Much discussion during Wednesday’s advisory panel meeting on whether to approve Bayer/J&J anticoagulant Xarelto (rivaroxaban) for a new use centered around a pivotal trial called ATLAS. Advisors complained of missing data and inconsistent record keeping (click here for a recap). A final decision is expected in late June.
In this Q&A, Dr. Steven Nissen, a panel member and chairman of the department of cardiovascular medicine at the Cleveland Clinic Foundation, explains why he voted against approving Xarelto for use in acute coronary syndrome (ACS) patients already taking dual antiplatelet therapy, and how the problems plaguing ATLAS are disturbingly common.
MM&M: What was it about the benefit-risk profile that swayed you to vote that way?
Dr. Steven Nissen: Marginal statistical evidence of benefit; a ‘p’ value of 0.039 for benefit at the target dose of 2.5mg b.i.d.; increased risk of intracranial hemorrhage and life-threatening bleeding; and a study that had issues with respect to the quality of study conduct, particularly the high rate of withdrawal of consent that undermined the ability to interpret the results of the study.
The sponsor has vowed to supply the FDA with the data that the panelists said was missing. What will the companies have to show for you to be convinced?
Another trial, which is what I said.
The panelists seemed taken aback by Bayer/Janssen’s data omission. What was it about the companies’ preparation for the meeting that inspired such passion among the panel members?
Look, this is not personal. So I wouldn’t make those sorts of comments. I would just simply say that we were not convinced that the benefits exceeded the risks. And we wanted more information. And I will leave it at that.
Much discussion was focused around, as you said earlier, issues that related to data collection, maybe some would say poor data collection. The rejection of the drug, albeit a narrow one, was almost a condemnation of that practice. Do you agree or not?
Well, the problem of patients withdrawing consent or incomplete ascertainment of outcomes is a problem that extends across the entire clinical trial enterprise. And certainly the committee was making a generalized statement that we are worried about it, and that we think it needs to be addressed in this application, and in future applications for drugs.

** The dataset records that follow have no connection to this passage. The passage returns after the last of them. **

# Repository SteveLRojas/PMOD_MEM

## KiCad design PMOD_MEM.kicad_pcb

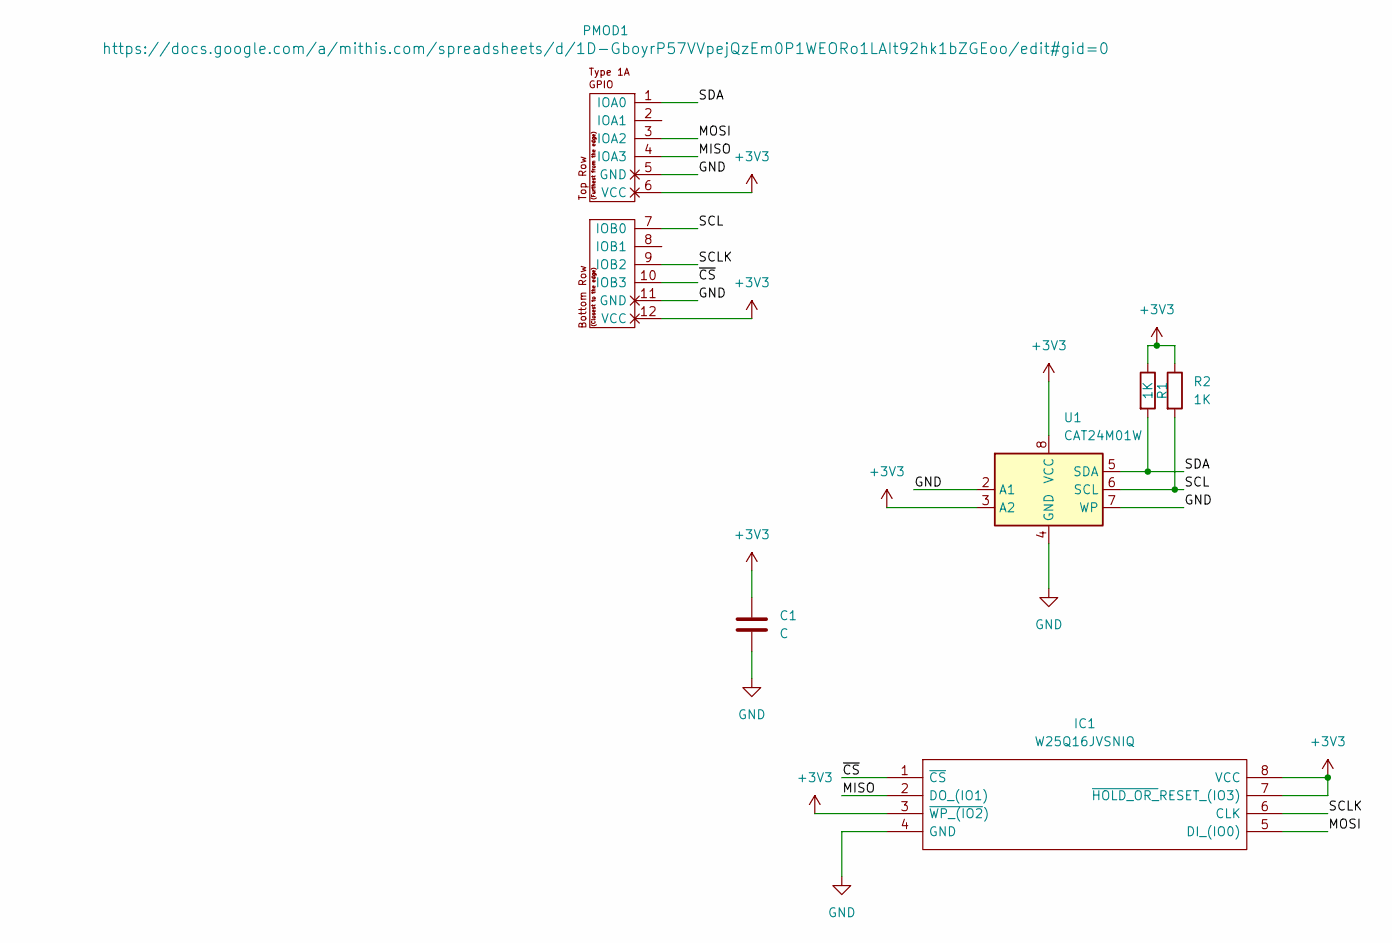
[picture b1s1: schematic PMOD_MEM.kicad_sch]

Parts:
C1: C
IC1: W25Q16JVSNIQ; SOIC127P600X175-8N; Manufacturer_Part_Number W25Q16JVSNIQ; Mouser Part Number 454-W25Q16JVSNIQ
PMOD1: PMOD-Device-x2-Type-1A-GPIO; pmod_pin_array_6x2
R1, R2: 1K
U1: CAT24M01W; SOIC-8_3.9x4.9mm_P1.27mm

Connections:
+3V3: C1.1, IC1.3 (~WP_(IO2)), IC1.7 (~HOLD_OR_RESET_(IO3)), IC1.8 (VCC), PMOD1.6 (VCC), PMOD1.12 (VCC), R1.1, R2.1, U1.3 (A2), U1.8 (VCC)
/MISO: IC1.2 (DO_(IO1)), PMOD1.4 (IOA3)
/MOSI: IC1.5 (DI_(IO0)), PMOD1.3 (IOA2)
/SCL: PMOD1.7 (IOB0), R2.2, U1.6 (SCL)
/SCLK: IC1.6 (CLK), PMOD1.9 (IOB2)
/SDA: PMOD1.1 (IOA0), R1.2, U1.5 (SDA)
/~CS: IC1.1 (~CS), PMOD1.10 (IOB3)
GND: C1.2, IC1.4 (GND), PMOD1.5 (GND), PMOD1.11 (GND), U1.2 (A1), U1.4 (GND), U1.7 (WP)

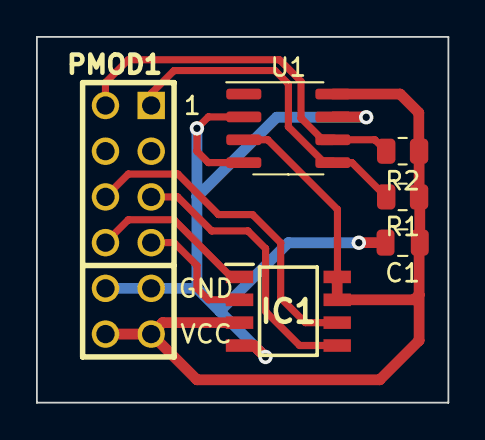
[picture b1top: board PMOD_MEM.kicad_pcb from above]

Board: 2 copper layers, 22.9 x 20.3 mm, 6 parts (0 on the bottom side), 8 nets.

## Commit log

2022-11-25 Added files
2022-11-25 Fixed library paths

And another data question: Three study sites were eliminated due to misconduct, with the company claiming it couldn’t find the subjects because privacy laws barred them from doing things like checking death notices or contacting them. The FDA person said that if the local laws are getting in the way of clarity, don’t have trials there. Increased use of international locations is a growing trend. Can the FDA really bar their use and kind of impose safeguards, or will it need to just fall in line with the data it’s given?
I think that that is the choice of the sponsor. The FDA…the companies are taking their own risks if they go to places that they are not confident of the quality of the data. It is their risk to take. It is not the FDA’s job to tell them not to take the risk. But companies need to know that if they don’t supply data that the FDA or its advisers believe is reliable, then it may impact approvability.
And one final question: Do you think that drug will eventually reach the market for the indication in ACS?
I have no way to know. I think they need another trial and if it’s successful then it will convince many of us. If it’s unsuccessful, it won’t make it. It’s just speculation entirely.